┌─ SUPPLIED ENTRIES
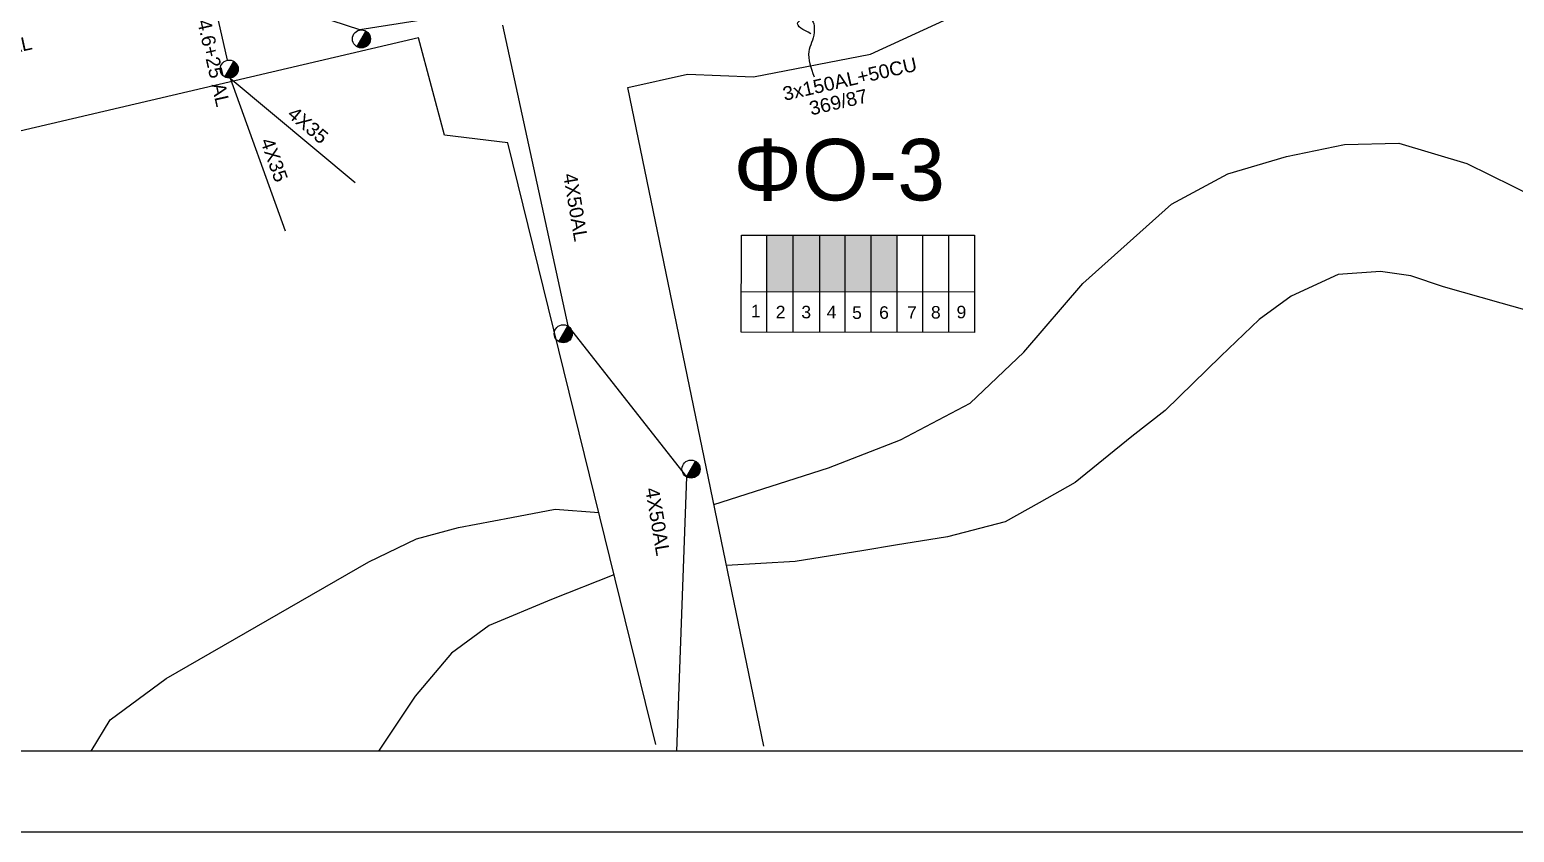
# Model space of a CAD drawing. Header units: millimetres. Extents: x 1020 to 3238, y 796 to 1818.
# Drawn here: x 1734.8 to 1928.1, y 796.3 to 900.7 of the extents above; entities that cross this region are included whole.
import ezdxf
from ezdxf.enums import TextEntityAlignment as Align

# ---------------------------------------------------------------- set-up
doc = ezdxf.new("R2010")
doc.units = ezdxf.units.MM
doc.linetypes.add('DASHED', pattern=[19.05, 12.7, -6.35])
for name, color, linetype, lineweight in [('3x70+54.6+25 AL', 7, 'SYN_LINE', 30), ('4X35', 7, 'DASHED', 30), ('4x50+16AL', 7, 'Continuous', 30), ('4x50AL', 7, 'Continuous', 30), ('Υπόβαθρο ΔΕΗ', 7, 'Continuous', 30)]:
    doc.layers.add(name, color=color, linetype=linetype, lineweight=lineweight)
for name, color, linetype in [('Pillar OTE', 7, 'Continuous'), ('text_kalodion', 7, 'Continuous'), ('Επιγραφές - Σχήματα', 7, 'Continuous'), ('Καλώδια ΧΤ   3x150AL+50CU', 7, 'DASHED'), ('Στύλος ΦΜ', 7, 'Continuous'), ('Στύλος ΦΜ @ 1', 7, 'Continuous')]:
    doc.layers.add(name, color=color, linetype=linetype)
doc.styles.add('arial', font='arial.ttf')
doc.styles.get("Standard").update_dxf_attribs({"font": 'arial.ttf'})
doc.linetypes.add('PRANES_1r', pattern='A,0.5,[137,SPECLINE.shx,S=1,R=180,X=0,Y=0],0.5', length=1)
doc.linetypes.add('SYN_LINE', pattern='A,0.5,-0.0001,["/\\/\\/\\/",Standard,S=0.1,R=0,X=0,Y=-0.05],-0.25', length=0.7501)

# ---------------------------------------------------------------- blocks, each defined once
blk = doc.blocks.new('ΥΠΑΡΧΩΝ ΤΣΙΜΕΝΤΕΝΙΟΣ ΣΤΥΛΟΣ')
at = {"layer": 'Στύλος ΦΜ'}
blk.add_hatch(color=7, dxfattribs=at).paths.add_polyline_path([(-1.29, -2.28, 0.574793), (2.62, 0, 0.268822), (1.3, 2.27)])
at = {"layer": 'Στύλος ΦΜ', "color": 7}
blk.add_line((-1.29, -2.28), (1.3, 2.27), dxfattribs=at)
blk.add_circle((0, 0), 2.62, dxfattribs=at)
at = {"layer": 'Στύλος ΦΜ', "flags": 4}
for tag, p in [('ΑΡΙΘΜΟΣ', (-4.68, 8.05)), ('ΤΥΠΟΣ', (-4.91, 3.03))]:
    blk.add_attdef(tag, p, '', height=4, dxfattribs=at)

msp = doc.modelspace()

# ---------------------------------------------------------------- hatches: boundary and pattern name
at = {"layer": 'Καλώδια ΧΤ   3x150AL+50CU', "linetype": 'DASHED', "lineweight": -3, "ltscale": 0.2}
h = msp.add_hatch(color=85, dxfattribs=at)
h.dxf.hatch_style = 1
h.paths.add_polyline_path([(1834.2, 874), (1830.76, 874), (1830.76, 866.64), (1834.2, 866.64)])
h = msp.add_hatch(color=30, dxfattribs=at)
h.dxf.hatch_style = 1
h.paths.add_polyline_path([(1834.2, 866.64), (1837.64, 866.63), (1837.64, 874), (1834.2, 874)])
h = msp.add_hatch(color=151, dxfattribs=at)
h.dxf.hatch_style = 1
h.paths.add_polyline_path([(1840.94, 874), (1837.64, 874), (1837.64, 866.63), (1840.94, 866.63)])
h = msp.add_hatch(color=173, dxfattribs=at)
h.dxf.hatch_style = 1
h.paths.add_polyline_path([(1840.94, 866.63), (1844.33, 866.63), (1844.33, 874), (1840.94, 874)])
h = msp.add_hatch(color=27, dxfattribs=at)
h.dxf.hatch_style = 1
h.paths.add_polyline_path([(1844.33, 866.63), (1847.72, 866.62), (1847.72, 874), (1844.33, 874)])

# ---------------------------------------------------------------- linework, layer by layer
at = {"lineweight": -3}
msp.add_lwpolyline([(1059.16, 1801.46), (3011.12, 1801.46), (3011.12, 806.84), (1059.16, 806.84)], close=True, dxfattribs=at)
at = {"layer": '3x70+54.6+25 AL', "color": 85, "linetype": 'SYN_LINE', "lineweight": -3, "ltscale": 10}
msp.add_lwpolyline([(1758.48, 905.79), (1760.51, 896.75)], dxfattribs=at)
at = {"layer": '4X35', "color": 85, "linetype": 'SYN_LINE', "lineweight": -3, "ltscale": 20}
for points in [[(1760.92, 894.43), (1768.04, 874.53)], [(1760.92, 894.43), (1777.17, 880.82)]]:
    msp.add_lwpolyline(points, dxfattribs=at)
at = {"layer": '4x50+16AL', "color": 85, "lineweight": -3, "ltscale": 0.2}
msp.add_lwpolyline([(1835.09, 903.25), (1795.78, 903.53), (1777.76, 900.69), (1759.64, 906.67)], dxfattribs=at)
at = {"layer": '4x50AL', "color": 85, "linetype": 'Continuous', "lineweight": -3, "ltscale": 0.2}
msp.add_lwpolyline([(1796.36, 901.33), (1804.85, 862.17), (1820.31, 842.51), (1819.02, 806.84)], dxfattribs=at)
at = {"layer": 'Pillar OTE', "lineweight": -3, "ltscale": 40}
for points in [[(1827.43, 861.36), (1827.44, 874), (1857.77, 874), (1857.77, 861.33), (1827.43, 861.36)], [(1830.76, 861.36), (1830.76, 874)], [(1834.2, 861.35), (1834.2, 874)], [(1837.64, 861.35), (1837.64, 874)], [(1840.94, 861.35), (1840.94, 874)], [(1844.33, 861.34), (1844.33, 874)], [(1847.72, 861.34), (1847.72, 874)], [(1851.06, 861.34), (1851.06, 874)], [(1854.45, 861.33), (1854.45, 874)], [(1827.44, 866.64), (1857.77, 866.61)]]:
    msp.add_lwpolyline(points, dxfattribs=at)
at = {"layer": 'Επιγραφές - Σχήματα', "lineweight": -3}
msp.add_lwpolyline([(1019.92, 1815.41), (3237.54, 1815.41), (3238.24, 796.27), (1019.92, 796.27)], close=True, dxfattribs=at)
at = {"layer": 'Υπόβαθρο ΔΕΗ', "color": 7, "lineweight": -3}
for points in [[(1830.35, 807.46), (1812.68, 893.22), (1820.44, 894.94), (1829.03, 894.6), (1844.27, 897.56), (1870.79, 909.78), (1886.43, 925.62), (1905.7, 960.33), (1940.93, 1049.68), (1956, 1054.04), (1976.31, 1047.36)], [(1816.3, 807.68), (1797.05, 885.99), (1788.78, 887.01), (1785.41, 899.65), (1705.5, 880.97), (1639.68, 806.16)]]:
    msp.add_lwpolyline(points, dxfattribs=at)
at = {"layer": 'Υπόβαθρο ΔΕΗ', "linetype": 'PRANES_1r', "lineweight": -3, "ltscale": 0.2}
for points in [[(1823.86, 838.93), (1838.77, 843.7), (1848.15, 847.33), (1857.23, 852.12), (1864.19, 858.74), (1871.9, 867.68), (1883.42, 878.03), (1890.77, 881.98), (1898.4, 884.21), (1905.95, 885.79), (1913.02, 885.96), (1921.87, 883.29), (1930.84, 878.89), (1939.96, 873.52), (1946.64, 870.07), (1949.93, 869.68), (1952.54, 869.37), (1953.94, 870.07)], [(1954.17, 863.96), (1950.72, 862.36), (1947.23, 861.73), (1940.55, 862.07), (1933.59, 863.08), (1926.35, 865.13), (1918.83, 867.27), (1914.57, 868.71), (1910.66, 869.25), (1905.11, 868.87), (1899, 866.05), (1894.84, 862.99), (1889.84, 858.24), (1882.62, 851.16), (1878.29, 847.8), (1870.89, 841.8), (1866.19, 839.16), (1861.8, 836.68), (1854.29, 834.71), (1847.5, 833.62), (1843.37, 832.96), (1834.45, 831.52), (1825.5, 830.98)], [(1742.81, 806.84), (1745.26, 810.92), (1752.56, 816.27), (1778.96, 831.46), (1785.15, 834.48), (1790.63, 835.93), (1797.5, 837.25), (1803.19, 838.34), (1808.87, 837.9)], [(1810.86, 829.79), (1802.71, 826.57), (1794.62, 823.17), (1789.71, 819.59), (1784.96, 814), (1780.23, 806.84)]]:
    msp.add_lwpolyline(points, dxfattribs=at)
at = {"layer": 'Υπόβαθρο ΔΕΗ', "color": 7, "lineweight": -3}
msp.add_spline([(1836.5, 900.2), (1834.81, 901.66), (1836.29, 902.18), (1836.92, 900.38), (1836.23, 897.87), (1836.91, 894.61)], degree=3, dxfattribs=at)

# ---------------------------------------------------------------- block references
at = {"layer": 'Στύλος ΦΜ @ 1', "lineweight": -3, "ltscale": 40, "xscale": 0.4500000000001327, "yscale": 0.4500000000001327, "zscale": 0.4500000000001327}
for p in [(1777.99, 899.53), (1760.78, 895.6), (1804.26, 861.15), (1820.89, 843.54)]:
    msp.add_blockref('ΥΠΑΡΧΩΝ ΤΣΙΜΕΝΤΕΝΙΟΣ ΣΤΥΛΟΣ', p, dxfattribs=at)

# ---------------------------------------------------------------- texts
at = {"lineweight": -3, "ltscale": 30, "char_height": 1.63, "width": 11.2573, "attachment_point": 1}
for s, insert in [('1', (1828.68, 864.92)), ('2', (1831.92, 864.79)), ('3', (1835.25, 864.79)), ('4', (1838.55, 864.79)), ('5', (1841.86, 864.71)), ('6', (1845.38, 864.73)), ('7', (1849.01, 864.73)), ('8', (1852.12, 864.76)), ('9', (1855.45, 864.79))]:
    msp.add_mtext(s, dxfattribs=dict(at, insert=insert))
at = {"layer": 'text_kalodion', "linetype": 'Continuous', "lineweight": -3, "ltscale": 0.2}
for s, rotation, p in [('3x70+54.6+25 AL', 282.684, (1757.84, 900.45)), ('4x50+16AL', 12.4077, (1728.8, 897.7)), ('3x150AL+50CU', 12.7717, (1841.55, 894.31)), ('4X35', 320.0495, (1771.04, 888.3)), ('4X35', 289.669, (1766.64, 883.78)), ('4X50AL', 279.5614, (1805.87, 877.62)), ('4X50AL', 279.5614, (1816.55, 836.71))]:
    msp.add_text(s, height=1.8, rotation=rotation, dxfattribs=at).set_placement(p, align=Align.MIDDLE_CENTER)
at = {"layer": 'Επιγραφές - Σχήματα', "lineweight": -3, "insert": (1826.41, 886.51), "char_height": 8, "width": 23.3325, "attachment_point": 1, "style": 'arial'}
msp.add_mtext('ΦO-3', dxfattribs=at)
at = {"layer": 'Υπόβαθρο ΔΕΗ', "lineweight": -3, "insert": (1836.12, 891.32), "char_height": 1.8, "width": 9.1232, "attachment_point": 1, "rotation": 13, "style": 'arial'}
msp.add_mtext('369/87', dxfattribs=at)

doc.saveas('drawing.dxf')
└─
PROBLEM TO SOLVE:
Everything above from the line containing "blk.add_line((-1.29, -2.28), (1.3, 2.27), dxfattribs=at)" down to the line containing "for tag, p in" is to be transcribed exactly, with both of those lines included and nothing else added.

TASK SOLUTION:
blk.add_line((-1.29, -2.28), (1.3, 2.27), dxfattribs=at)
blk.add_circle((0, 0), 2.62, dxfattribs=at)
at = {"layer": 'Στύλος ΦΜ', "flags": 4}
for tag, p in [('ΑΡΙΘΜΟΣ', (-4.68, 8.05)), ('ΤΥΠΟΣ', (-4.91, 3.03))]:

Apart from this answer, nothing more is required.